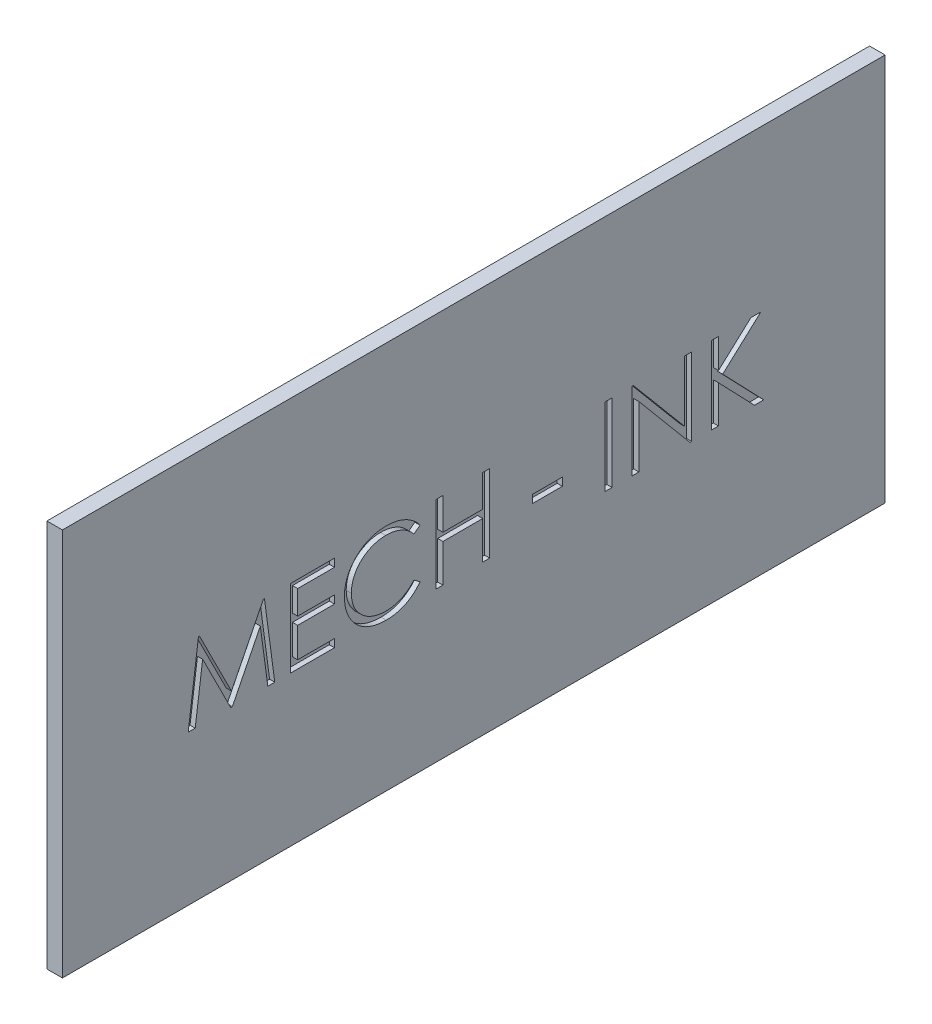
SolidWorks part; units mm, degrees
ref_plane "Front Plane" through (0, 0, 0) normal (0, 0, 1) x (1, 0, 0)
ref_plane "Top Plane" through (0, 0, 0) normal (0, 1, 0) x (1, 0, 0)
ref_plane "Right Plane" through (0, 0, 0) normal (1, 0, 0) x (0, 0, -1)
sketch "Croquis1" plane through (0, 0, 0) normal (1, 0, 0) x (0, 0, -1)
  line L1 (-79.505, 37.5) -> (79.505, 37.5)
  line L2 (-79.505, 37.5) -> (-79.505, -37.5)
  line L3 (-79.505, -37.5) -> (79.505, -37.5)
  line L4 (79.505, 37.5) -> (79.505, -37.5)
  line L5 (-79.505, 37.5) -> (79.505, -37.5) construction
  line L6 (-79.505, -37.5) -> (79.505, 37.5) construction
  point P0 (0, 0)
  dimension "D1" = 75
  dimension "D2" = 159.01
extrude "Saliente-Extruir1" add sketch "Croquis1" along normal blind 3
sketch "Croquis2" plane through (3, 0, 0) normal (1, 0, 0) x (0, 0, -1)
  line L0 (-69.4406, -8.5067) -> (69.4406, -8.5067) construction
  text T0 "MECH - INK" font "Century Gothic" height 15
  point P2 (0, -8.5067)
extrude "Cortar-Extruir1" cut sketch "Croquis2" against normal blind 1
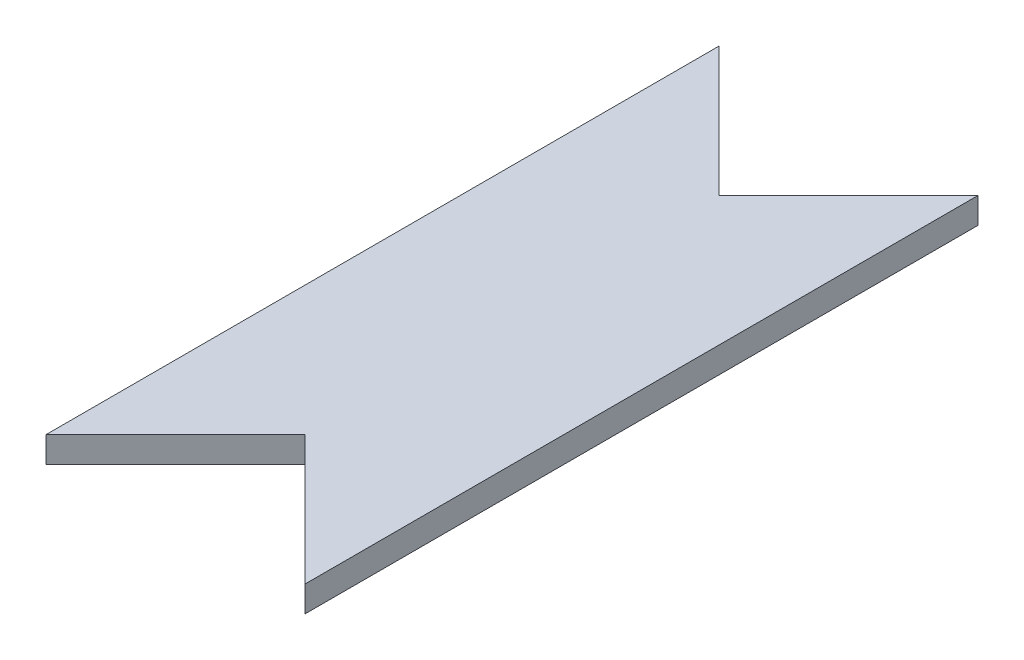
SolidWorks part; units mm, degrees
ref_plane "Front Plane" through (0, 0, 0) normal (0, 0, 1) x (1, 0, 0)
ref_plane "Top Plane" through (0, 0, 0) normal (0, 1, 0) x (1, 0, 0)
ref_plane "Right Plane" through (0, 0, 0) normal (1, 0, 0) x (0, 0, -1)
sketch "Sketch1" plane through (0, 0, 0) normal (0, 1, 0) x (1, 0, 0)
  line L0 (3.8142, -10.7992) -> (-2.5358, -17.1492)
  line L1 (-2.5358, -17.1492) -> (-2.5358, 15.8708)
  line L2 (-2.5358, 15.8708) -> (3.8142, 9.5208)
  line L4 (10.1642, 15.8708) -> (3.8142, 9.5208)
  line L5 (10.1642, -17.1492) -> (10.1642, 15.8708)
  line L6 (3.8142, -10.7992) -> (10.1642, -17.1492)
extrude "Boss-Extrude1" add sketch "Sketch1" along normal blind 1.27
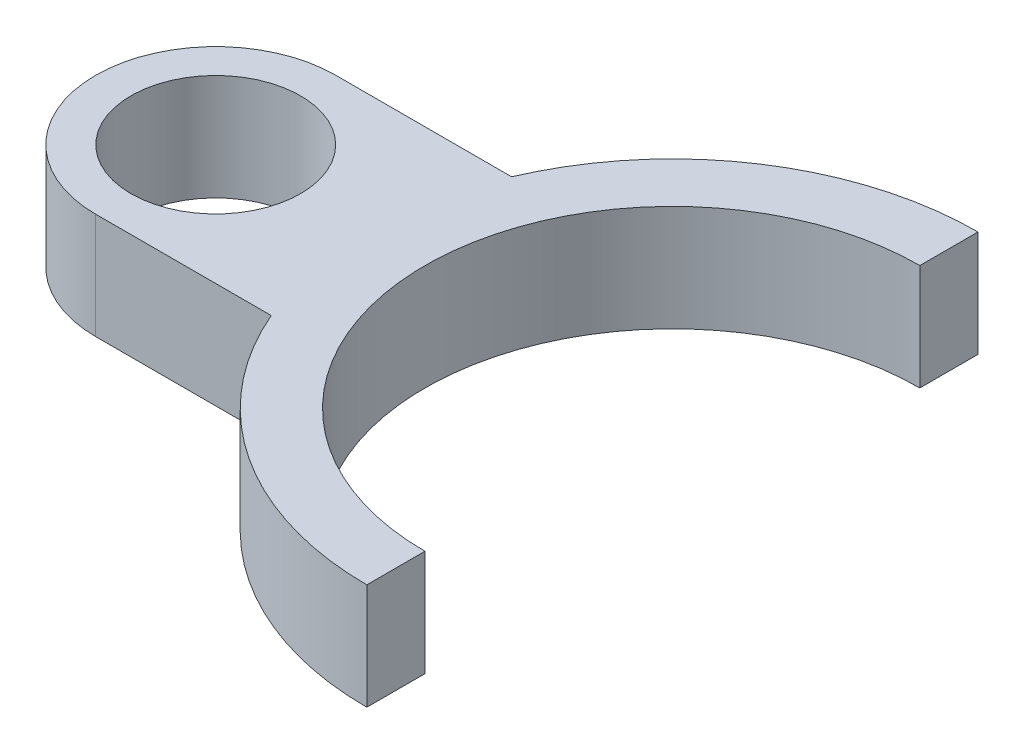
SolidWorks part; units mm, degrees
ref_plane "Front Plane" through (0, 0, 0) normal (0, 0, 1) x (1, 0, 0)
ref_plane "Top Plane" through (0, 0, 0) normal (0, 1, 0) x (1, 0, 0)
ref_plane "Right Plane" through (0, 0, 0) normal (1, 0, 0) x (0, 0, -1)
sketch "Sketch1" plane through (0, 0, 0) normal (0, 1, 0) x (1, 0, 0)
  circle A0 centre (0, 0) radius 12
  circle A1 centre (0, 0) radius 17.0007
extrude "Boss-Extrude1" add sketch "Sketch1" along normal blind 15
sketch "Sketch2" plane through (0, 15, 0) normal (0, 1, 0) x (1, 0, 0)
  line L0 (0, 17.0007) -> (25, 17.0007)
  line L1 (25, 17.0007) -> (25, -17.0007)
  line L2 (25, -17.0007) -> (0, -17.0007)
  circle A0 centre (0, 0) radius 17.0007 construction
  arc A1 (0, -17.0007) -> (0, 17.0007) centre (0, 0) ccw
  dimension "D1" = 25
extrude "Boss-Extrude2" add sketch "Sketch2" against normal blind 15
sketch "Sketch3" plane through (0, 0, 0) normal (0, -1, 0) x (-1, 0, 0)
  line L0 (-64.598, -35) -> (-64.598, -43.2282)
  line L1 (-64.598, -43.2282) -> (-64.598, 43.2282)
  circle A0 centre (-64.598, 0) radius 43.2282
  circle A1 centre (-64.598, 0) radius 35
extrude "Boss-Extrude3" add sketch "Sketch3" against normal blind 15

______

What you have to do: A single figure is the answer: the number of lines in the listing where "Boss" occurs.

Task response: 4